I had a older Chi named Tito him I had to put down, the latter part of Tito's life he enjoyed playing with Pepito... Once Tito passed, Pepito became very sad and lonely, it was strange how the death of Tito affected him.. I knew, He needed a partner again...


----------



## FireFox (Jun 4, 2009)

OMG he is adorable!!! Little Pepito - love his name too!!! He is like dark chocolate, isn't he?
I am so sorry about your chi Tito...
Welcome to chi-ppl!!!


----------



## Terri (Aug 21, 2009)

Awww Pepito is a cutie!
Sorry about the loss of Tito.
Yeah they do get depressed when they lose their siblings, wee souls.
So who is his partner you speak of? lol x


----------



## Ness♥Bella (Oct 13, 2010)

Hello and Welcome!
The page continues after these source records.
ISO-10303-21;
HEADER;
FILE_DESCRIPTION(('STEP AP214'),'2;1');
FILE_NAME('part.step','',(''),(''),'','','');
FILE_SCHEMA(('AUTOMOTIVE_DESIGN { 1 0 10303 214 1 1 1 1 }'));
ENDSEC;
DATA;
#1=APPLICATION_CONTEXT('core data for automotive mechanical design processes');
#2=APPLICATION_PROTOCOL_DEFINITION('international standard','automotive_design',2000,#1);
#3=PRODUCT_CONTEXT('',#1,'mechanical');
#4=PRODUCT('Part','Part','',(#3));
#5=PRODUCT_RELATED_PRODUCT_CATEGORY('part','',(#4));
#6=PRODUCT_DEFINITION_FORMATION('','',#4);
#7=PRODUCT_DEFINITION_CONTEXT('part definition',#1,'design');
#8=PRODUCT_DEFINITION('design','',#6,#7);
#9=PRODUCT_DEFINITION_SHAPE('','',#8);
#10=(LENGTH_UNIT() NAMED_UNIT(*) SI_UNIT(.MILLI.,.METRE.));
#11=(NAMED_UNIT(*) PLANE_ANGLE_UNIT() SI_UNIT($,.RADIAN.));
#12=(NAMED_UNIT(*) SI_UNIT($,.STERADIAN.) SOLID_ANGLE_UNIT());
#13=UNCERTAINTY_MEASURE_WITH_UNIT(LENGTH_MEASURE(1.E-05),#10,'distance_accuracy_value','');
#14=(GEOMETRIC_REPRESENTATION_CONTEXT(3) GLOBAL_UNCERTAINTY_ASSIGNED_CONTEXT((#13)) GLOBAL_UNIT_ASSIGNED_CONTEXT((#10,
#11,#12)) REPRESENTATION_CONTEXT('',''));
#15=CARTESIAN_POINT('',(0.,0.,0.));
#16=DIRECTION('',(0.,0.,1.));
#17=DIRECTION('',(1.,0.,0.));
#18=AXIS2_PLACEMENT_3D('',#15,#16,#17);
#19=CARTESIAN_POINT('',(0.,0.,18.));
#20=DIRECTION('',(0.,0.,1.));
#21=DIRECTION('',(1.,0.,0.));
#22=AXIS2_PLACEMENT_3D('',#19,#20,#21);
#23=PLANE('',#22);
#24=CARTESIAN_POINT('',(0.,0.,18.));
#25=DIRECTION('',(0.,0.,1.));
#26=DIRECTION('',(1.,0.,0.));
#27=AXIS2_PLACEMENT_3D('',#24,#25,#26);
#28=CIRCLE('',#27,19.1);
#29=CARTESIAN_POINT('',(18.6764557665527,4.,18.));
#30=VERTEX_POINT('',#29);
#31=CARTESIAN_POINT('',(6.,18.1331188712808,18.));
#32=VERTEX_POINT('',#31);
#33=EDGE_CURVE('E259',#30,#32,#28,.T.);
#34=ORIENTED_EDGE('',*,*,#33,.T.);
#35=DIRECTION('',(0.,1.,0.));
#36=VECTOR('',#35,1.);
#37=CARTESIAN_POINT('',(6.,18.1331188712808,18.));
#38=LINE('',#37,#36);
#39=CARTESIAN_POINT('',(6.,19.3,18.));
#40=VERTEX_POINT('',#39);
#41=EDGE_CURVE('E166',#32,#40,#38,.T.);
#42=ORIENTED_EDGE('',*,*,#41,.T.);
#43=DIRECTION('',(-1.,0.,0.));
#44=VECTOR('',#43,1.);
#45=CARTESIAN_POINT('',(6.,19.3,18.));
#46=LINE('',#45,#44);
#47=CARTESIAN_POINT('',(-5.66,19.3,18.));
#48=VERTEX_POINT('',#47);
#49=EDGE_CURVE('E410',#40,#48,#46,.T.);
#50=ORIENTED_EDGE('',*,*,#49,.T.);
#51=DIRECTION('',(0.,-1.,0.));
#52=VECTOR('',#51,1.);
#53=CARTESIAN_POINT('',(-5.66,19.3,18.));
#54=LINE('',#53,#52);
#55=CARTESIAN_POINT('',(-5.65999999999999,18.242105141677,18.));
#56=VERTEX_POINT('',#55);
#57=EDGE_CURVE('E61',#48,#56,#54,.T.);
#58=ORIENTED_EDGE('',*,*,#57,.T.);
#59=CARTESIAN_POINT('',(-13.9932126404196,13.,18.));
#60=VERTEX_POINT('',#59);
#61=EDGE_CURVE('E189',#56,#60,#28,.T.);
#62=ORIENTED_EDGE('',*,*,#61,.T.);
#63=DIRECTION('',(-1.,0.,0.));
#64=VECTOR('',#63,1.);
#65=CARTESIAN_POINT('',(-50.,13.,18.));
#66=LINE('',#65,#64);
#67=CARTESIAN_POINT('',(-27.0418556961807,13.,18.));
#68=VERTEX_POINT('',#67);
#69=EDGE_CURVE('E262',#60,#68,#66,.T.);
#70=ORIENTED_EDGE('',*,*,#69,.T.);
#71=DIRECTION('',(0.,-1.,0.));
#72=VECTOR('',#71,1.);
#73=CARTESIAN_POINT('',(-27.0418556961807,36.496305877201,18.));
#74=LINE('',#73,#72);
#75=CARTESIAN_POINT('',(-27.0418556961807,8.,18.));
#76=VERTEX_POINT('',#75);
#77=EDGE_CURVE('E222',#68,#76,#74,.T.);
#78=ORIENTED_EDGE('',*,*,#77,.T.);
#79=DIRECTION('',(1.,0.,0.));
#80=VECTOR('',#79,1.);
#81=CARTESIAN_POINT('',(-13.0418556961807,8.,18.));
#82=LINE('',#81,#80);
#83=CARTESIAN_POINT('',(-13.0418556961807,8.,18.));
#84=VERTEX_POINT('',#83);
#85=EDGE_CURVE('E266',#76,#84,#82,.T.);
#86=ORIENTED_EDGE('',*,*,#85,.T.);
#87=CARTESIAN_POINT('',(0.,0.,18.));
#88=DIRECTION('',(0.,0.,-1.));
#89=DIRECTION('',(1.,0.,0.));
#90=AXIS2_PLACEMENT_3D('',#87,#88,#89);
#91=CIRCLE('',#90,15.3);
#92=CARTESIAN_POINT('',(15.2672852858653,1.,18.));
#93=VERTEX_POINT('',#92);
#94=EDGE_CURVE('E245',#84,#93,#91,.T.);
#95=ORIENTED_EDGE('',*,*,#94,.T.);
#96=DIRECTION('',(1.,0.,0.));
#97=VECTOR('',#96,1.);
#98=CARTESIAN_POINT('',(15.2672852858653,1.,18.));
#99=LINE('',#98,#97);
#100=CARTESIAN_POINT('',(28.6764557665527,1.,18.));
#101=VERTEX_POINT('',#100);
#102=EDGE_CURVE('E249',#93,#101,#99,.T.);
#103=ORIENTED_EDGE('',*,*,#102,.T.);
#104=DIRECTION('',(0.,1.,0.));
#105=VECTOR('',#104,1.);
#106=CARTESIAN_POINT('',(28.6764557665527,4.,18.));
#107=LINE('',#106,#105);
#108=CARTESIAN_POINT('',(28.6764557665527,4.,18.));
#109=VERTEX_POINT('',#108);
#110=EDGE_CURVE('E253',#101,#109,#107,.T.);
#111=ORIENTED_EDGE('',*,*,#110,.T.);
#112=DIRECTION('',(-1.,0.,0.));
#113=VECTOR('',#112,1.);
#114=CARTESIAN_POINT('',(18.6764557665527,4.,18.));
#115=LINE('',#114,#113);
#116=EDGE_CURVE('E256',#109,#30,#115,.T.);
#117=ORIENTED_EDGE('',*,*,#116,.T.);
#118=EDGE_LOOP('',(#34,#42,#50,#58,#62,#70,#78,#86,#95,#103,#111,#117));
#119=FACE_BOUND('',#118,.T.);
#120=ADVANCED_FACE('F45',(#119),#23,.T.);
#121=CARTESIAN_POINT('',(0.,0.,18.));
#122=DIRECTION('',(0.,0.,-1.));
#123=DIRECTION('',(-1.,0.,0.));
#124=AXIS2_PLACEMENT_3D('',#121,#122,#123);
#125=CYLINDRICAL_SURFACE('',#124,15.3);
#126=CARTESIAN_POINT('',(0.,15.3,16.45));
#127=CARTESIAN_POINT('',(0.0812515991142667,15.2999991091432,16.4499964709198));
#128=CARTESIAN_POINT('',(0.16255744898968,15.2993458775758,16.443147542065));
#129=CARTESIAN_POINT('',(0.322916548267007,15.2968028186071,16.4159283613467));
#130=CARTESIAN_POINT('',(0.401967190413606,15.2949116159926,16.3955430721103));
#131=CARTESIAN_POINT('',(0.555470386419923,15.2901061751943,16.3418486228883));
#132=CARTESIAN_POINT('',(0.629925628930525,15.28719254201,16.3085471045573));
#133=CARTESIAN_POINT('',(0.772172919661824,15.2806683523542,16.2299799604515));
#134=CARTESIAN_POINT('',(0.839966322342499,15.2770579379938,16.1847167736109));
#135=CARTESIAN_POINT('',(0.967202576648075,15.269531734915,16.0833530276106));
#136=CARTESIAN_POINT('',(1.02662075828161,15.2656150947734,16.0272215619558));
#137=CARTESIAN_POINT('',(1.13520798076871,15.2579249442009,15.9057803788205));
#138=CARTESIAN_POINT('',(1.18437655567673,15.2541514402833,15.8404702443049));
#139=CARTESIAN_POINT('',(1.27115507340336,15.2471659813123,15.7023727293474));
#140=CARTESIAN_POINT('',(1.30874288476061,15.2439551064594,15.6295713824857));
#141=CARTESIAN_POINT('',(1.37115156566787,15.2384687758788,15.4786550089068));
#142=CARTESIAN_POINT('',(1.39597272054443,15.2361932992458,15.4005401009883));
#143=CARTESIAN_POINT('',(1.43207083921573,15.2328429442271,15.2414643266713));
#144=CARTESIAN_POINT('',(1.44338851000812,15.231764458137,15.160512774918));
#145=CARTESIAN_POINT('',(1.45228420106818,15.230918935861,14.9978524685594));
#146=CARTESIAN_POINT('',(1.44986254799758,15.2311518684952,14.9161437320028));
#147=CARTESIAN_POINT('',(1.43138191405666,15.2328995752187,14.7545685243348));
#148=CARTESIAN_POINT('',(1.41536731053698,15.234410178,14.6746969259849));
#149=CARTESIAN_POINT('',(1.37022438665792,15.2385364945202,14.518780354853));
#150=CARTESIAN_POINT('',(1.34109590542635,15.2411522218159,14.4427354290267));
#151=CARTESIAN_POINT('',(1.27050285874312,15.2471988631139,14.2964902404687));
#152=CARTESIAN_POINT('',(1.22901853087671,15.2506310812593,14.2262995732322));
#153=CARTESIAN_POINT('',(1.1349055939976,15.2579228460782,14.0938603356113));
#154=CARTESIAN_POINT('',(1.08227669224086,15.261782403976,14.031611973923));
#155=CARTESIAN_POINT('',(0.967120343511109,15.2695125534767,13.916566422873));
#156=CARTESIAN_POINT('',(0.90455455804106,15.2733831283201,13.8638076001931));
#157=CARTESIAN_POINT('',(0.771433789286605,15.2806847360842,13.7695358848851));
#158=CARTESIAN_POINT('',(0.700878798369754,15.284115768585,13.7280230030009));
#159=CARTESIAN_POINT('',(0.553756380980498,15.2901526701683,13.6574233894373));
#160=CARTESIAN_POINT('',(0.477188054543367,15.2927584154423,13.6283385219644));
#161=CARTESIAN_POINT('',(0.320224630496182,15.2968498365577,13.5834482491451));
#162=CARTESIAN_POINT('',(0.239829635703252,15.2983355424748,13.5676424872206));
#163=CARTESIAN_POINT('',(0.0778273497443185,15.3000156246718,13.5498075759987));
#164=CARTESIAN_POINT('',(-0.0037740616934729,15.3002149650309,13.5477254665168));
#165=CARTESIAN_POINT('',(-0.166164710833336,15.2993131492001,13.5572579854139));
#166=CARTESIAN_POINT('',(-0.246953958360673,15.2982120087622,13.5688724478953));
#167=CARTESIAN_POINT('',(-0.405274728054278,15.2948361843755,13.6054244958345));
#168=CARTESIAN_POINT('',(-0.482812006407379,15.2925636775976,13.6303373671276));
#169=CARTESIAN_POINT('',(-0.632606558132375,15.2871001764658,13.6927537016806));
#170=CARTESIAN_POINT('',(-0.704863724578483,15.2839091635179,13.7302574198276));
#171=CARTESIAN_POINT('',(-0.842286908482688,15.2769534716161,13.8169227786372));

Pepito is so sweeeeeeeeeeeeet! I am also sorry for the loss of your Tito.


----------



## foggy (Oct 12, 2009)

Welcome to the board. Aww what a little doll Pepito is. I'm so sorry about your loss of Tito. You mentioned a partner, are you getting a new little one then?


----------



## ExoticChis (Jun 20, 2010)

he is stunning!


----------



## sugarbaby (Dec 21, 2009)

what a cutie


----------



## Yoshismom (Jul 6, 2005)

Awwwww! Bless his adorable little heart!


----------



## *Princess* (Feb 7, 2009)

he is so cute! x


----------



## MChis (Oct 13, 2009)

Welcome! Pepito is a cutie! I just love his color....


----------



## Littlemt (Dec 9, 2010)

Thank you everybody for the compliments on my baby, his color is a gorgeous chocolate with a tint of red.... thank you also for the welcomes.....


----------



## codyann (Sep 8, 2010)

very cute pupi love his name!!


----------